Bien era cierto que Corell desde el primer momento había desconcertado un poco a Farley con su incongruencia y por el asombroso descaro y la autoridad que había mostrado delante de los juzgados de Wilmslow. También daba la sensación de ser imprevisible y de tener cuentas que ajustar. Existía algo de carga hereditaria, comentario que se había hecho en el despacho el día anterior. Se dijo que tanto el padre como la tía eran elementos subversivos. Bueno, bueno, «elementos subversivos», había pensado Farley, personas agradables, en otras palabras; si tuvierais una mínima idea de lo que pienso de las chorradas que soltáis… Pero debía admitir que, si juntaban todas las piezas, era para preocuparse un poco. Esa carta, por ejemplo, ¿qué era? ¿Y por qué el policía se la había quedado sin decir nada? Aceleró el paso y le pareció ver a Mulland a lo lejos, pero probablemente se confundió y, en todo caso, iba absorto en sus pensamientos.
Se acordó de una historia que circulaba sobre Mulland.
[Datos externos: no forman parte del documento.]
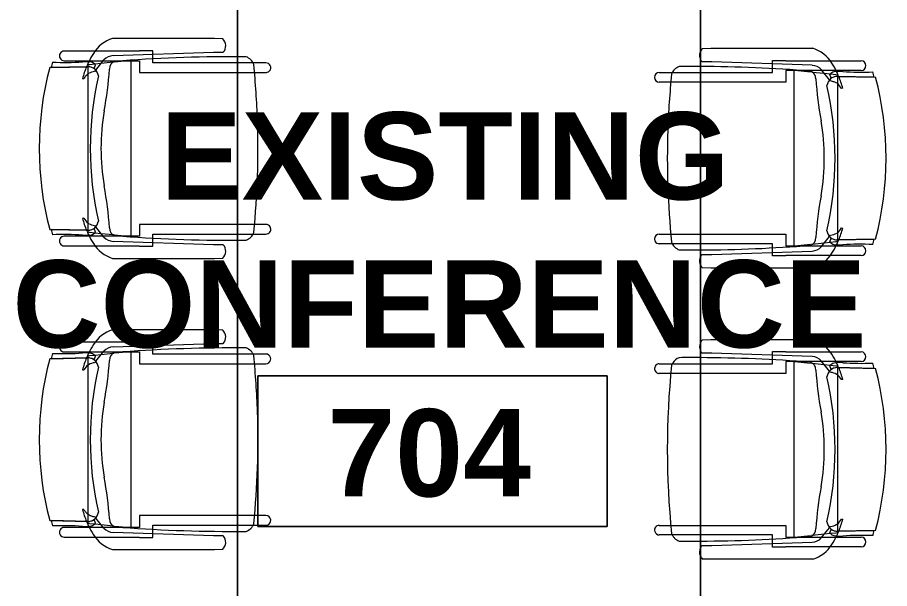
# Model space of a CAD drawing. Header units: inches. Extents: x 385 to 2249, y -1773 to -36.
# Drawn here: x 1054.7 to 1144.6, y -1279.1 to -1220.2 of the extents above; entities that cross this region are included whole.
import ezdxf

# ---------------------------------------------------------------- set-up
doc = ezdxf.new("R2010")
doc.units = ezdxf.units.IN
doc.header["$MEASUREMENT"] = 0
doc.layers.add('A-AREA-IDEN', color=2, linetype='Continuous', lineweight=9)
doc.layers.add('I-FURN', color=30, linetype='Continuous', lineweight=9)
doc.styles.add('Swis721 Lt BT_B', font='', dxfattribs={"height": 9})
doc.styles.get('Swis721 Lt BT_B').set_extended_font_data('Swis721 Lt BT', bold=True)

# ---------------------------------------------------------------- blocks, each defined once
blk = doc.blocks.new('GIANT CONFERENCE TABLE2 - GIANT CONFERENCE TABLE-5500178-Level 7 POWER _ SIGNAL')
at = {"layer": 'I-FURN'}
for p, q in [((1077.387, -1192.341), (1077.387, -1335.919)), ((1077.387, -1335.919), (1077.387, -1192.341)), ((1125.104, -1335.919), (1125.104, -1192.341)), ((1125.104, -1192.341), (1125.104, -1335.919))]:
    blk.add_line(p, q, dxfattribs=at)
blk = doc.blocks.new('F-Haworth_Chair_X99-Seminar - X99 Seminar Chair with Glides-V14-Level 7 POWER _ SIGNAL')
at = {"layer": 'I-FURN'}
for p, q in [((-8.342, 11.518), (-8.423, 7.569)), ((-8.423, 7.569), (-8.345, 11.369)), ((8.423, 7.569), (8.342, 11.518)), ((8.345, 11.369), (8.423, 7.569)), ((-10.038, 10.021), (-10.038, 6.814)), ((-9.042, 7.403), (-9.042, 10.021)), ((9.042, 10.021), (9.042, 7.403)), ((10.038, 6.814), (10.038, 10.021)), ((-7.182, 7.994), (-7.207, 8.133)), ((7.207, 8.133), (7.182, 7.994)), ((-9.042, 5.987), (-9.042, 7.403)), ((-8.623, 7.419), (-8.681, 6.866)), ((-8.604, 7.597), (-8.621, 7.429)), ((-8.488, 7.597), (-8.562, 7.597)), ((-7.645, 7.597), (-8.402, 7.597)), ((7.645, 7.597), (-7.645, 7.597)), ((8.402, 7.597), (7.645, 7.597)), ((8.562, 7.597), (8.488, 7.597)), ((8.621, 7.429), (8.604, 7.597)), ((8.681, 6.866), (8.623, 7.419)), ((9.042, 7.403), (9.042, 5.987)), ((-10.038, 6.814), (-10.038, 4.995)), ((-9.126, 5.919), (-8.071, 6.772)), ((-8.681, 6.866), (-8.748, 6.225)), ((-8.61, 6.81), (-8.235, 6.946)), ((-8.03, 6.805), (-7.947, 6.872)), ((7.947, 6.872), (8.03, 6.805)), ((8.071, 6.772), (9.126, 5.919)), ((8.235, 6.946), (8.61, 6.81)), ((8.748, 6.225), (8.681, 6.866)), ((10.038, 4.995), (10.038, 6.814)), ((-9.042, 3.624), (-9.042, 5.987)), ((-8.748, 6.225), (-8.878, 4.986)), ((8.878, 4.986), (8.748, 6.225)), ((9.042, 5.987), (9.042, 3.624)), ((-11.324, 5.058), (-11.324, -5.482)), ((-10.038, 4.991), (-10.038, 2.271)), ((-9.919, -5.365), (-9.567, 4.966)), ((-8.898, 4.801), (-9.066, 3.197)), ((-8.878, 4.986), (-8.886, 4.91)), ((8.886, 4.91), (8.878, 4.986)), ((9.066, 3.197), (8.898, 4.801)), ((9.567, 4.966), (9.919, -5.365)), ((10.038, 2.271), (10.038, 4.991)), ((11.324, -5.482), (11.324, 5.058)), ((-9.042, 3.429), (-9.042, 3.624)), ((9.042, 3.624), (9.042, 3.429)), ((-9.066, 3.197), (-9.074, 3.122)), ((-9.071, 3.122), (9.071, 3.122)), ((-9.042, 3.122), (-9.042, 3.429)), ((-9.042, 2.271), (-9.042, 3.122)), ((9.042, 3.429), (9.042, 3.122)), ((9.042, 3.122), (9.042, 2.271)), ((9.074, 3.122), (9.066, 3.197)), ((-10.038, 2.271), (-10.07, 2.271)), ((-10.07, 2.271), (-10.07, 0.893)), ((-7.829, 2.271), (-9.042, 2.271)), ((-7.829, -7.833), (-7.829, 2.271)), ((9.042, 2.271), (7.829, 2.271)), ((7.829, 2.271), (7.829, -7.833)), ((10.07, 2.271), (10.038, 2.271)), ((10.07, 0.893), (10.07, 2.271)), ((-10.07, 0.893), (-9.705, 0.893)), ((-9.705, 0.893), (-9.197, 0.893)), ((-9.197, 0.893), (-8.82, 0.893)), ((-8.82, 0.893), (-8.82, -7.833)), ((8.82, 0.893), (9.197, 0.893)), ((8.82, -7.833), (8.82, 0.893)), ((9.197, 0.893), (9.705, 0.893)), ((9.705, 0.893), (10.07, 0.893)), ((-9.919, -6.365), (-9.919, -5.365)), ((9.919, -5.365), (9.919, -6.365)), ((-11.324, -5.482), (-11.295, -6.317)), ((11.295, -6.317), (11.324, -5.482)), ((-8.82, -7.833), (-8.82, -9.436)), ((-7.829, -9.57), (-7.829, -7.833)), ((7.829, -7.833), (7.829, -9.57)), ((8.82, -9.436), (8.82, -7.833)), ((-8.82, -9.436), (-8.82, -10.778)), ((-7.829, -10.778), (-7.829, -9.57)), ((7.829, -9.57), (7.829, -10.778)), ((8.82, -10.778), (8.82, -9.436))]:
    blk.add_line(p, q, dxfattribs=at)
for centre, radius, start, end in [((0.001, -20.292), 32.885, 75.30746, 104.69597), ((-36.062, 10.03), 27.198, 355.98565, 2.51182), ((0.002, -20.729), 33.165, 104.57657, 105.55224), ((-0.002, -20.729), 33.165, 74.44776, 75.42343), ((36.062, 10.03), 27.198, 177.48818, 184.01435), ((-9.54, 10.021), 0.498, 360, 180), ((9.54, 10.021), 0.498, 360, 180), ((-5.201, 7.865), 3.739, 175.98565, 189.90642), ((-4.708, -1.148), 9.612, 105.06659, 112.7369), ((4.708, -1.148), 9.612, 67.2631, 74.93341), ((5.201, 7.865), 3.739, 350.09358, 4.01435), ((-4.708, -1.148), 9.612, 116.00359, 121.95219), ((-4.708, -1.148), 9.612, 113.50939, 116.00359), ((-8.28, 7.327), 0.613, 189.90642, 237.45732), ((-4.708, -1.148), 9.612, 112.92701, 113.36067), ((-7.37, 7.548), 1.054, 178.82139, 214.79985), ((-7.37, 7.548), 1.054, 178.82139, 264.04463), ((-6.554, 6.763), 1.382, 147.5752, 174.91217), ((-6.554, 6.763), 1.382, 117.05034, 145.98126), ((0, -26.495), 33.832, 77.22846, 102.77154), ((6.554, 6.763), 1.382, 48.4842, 62.94966), ((6.554, 6.763), 1.382, 34.01874, 48.4842), ((7.37, 7.548), 1.054, 275.95537, 1.17861), ((6.554, 6.763), 1.382, 5.08783, 32.4248), ((7.37, 7.548), 1.054, 325.20015, 1.17861), ((4.708, -1.148), 9.612, 66.63933, 67.07299), ((4.708, -1.148), 9.612, 63.99641, 66.49061), ((8.28, 7.327), 0.613, 302.54268, 350.09358), ((4.708, -1.148), 9.612, 58.04781, 63.99641), ((-7.872, 3.924), 3.634, 121.95219, 161.82107), ((7.872, 3.924), 3.634, 18.17893, 58.04781), ((-8.183, 4.904), 1.385, 132.89216, 177.19873), ((-11.319, 48.077), 42.842, 274.23006, 280.02334), ((0, -15.966), 22.194, 79.97666, 100.02334), ((11.319, 48.077), 42.842, 259.97666, 265.76994), ((8.183, 4.904), 1.385, 2.80127, 47.10784), ((144.065, -7.322), 153.519, 175.47868, 180.1906), ((-8.236, 4.592), 0.763, 84.23375, 165.76625), ((8.236, 4.592), 0.763, 14.23375, 95.76625), ((-144.065, -7.322), 153.519, 359.8094, 4.52132), ((-10.584, -5.679), 0.956, 221.89014, 314.10986), ((10.584, -5.679), 0.956, 225.89014, 318.10986), ((144.065, -7.322), 153.519, 180.1906, 180.52505), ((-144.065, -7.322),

Decían que perdió la chaveta una vez durante las carreras de caballos en York. Al parecer se echó a llorar cuando el caballo por el que había apostado se cayó en la última curva, para luego propinarle un buen sopapo a algún pobre hombre que se interesó por cómo estaba. Nadie se molestó en indagar demasiado en el incidente —se decía que todo había sido una exageración—, lo cual sin duda fue un error. El sentimentalismo y la violencia no eran la mejor combinación. Además, Mulland bebía en exceso. ¿Por qué de entre todo el personal se libró justo él de las investigaciones internas? ¿Era porque contaba con el beneplácito de Pippard? ¿Y porque repetía como un loro todas las opiniones al uso?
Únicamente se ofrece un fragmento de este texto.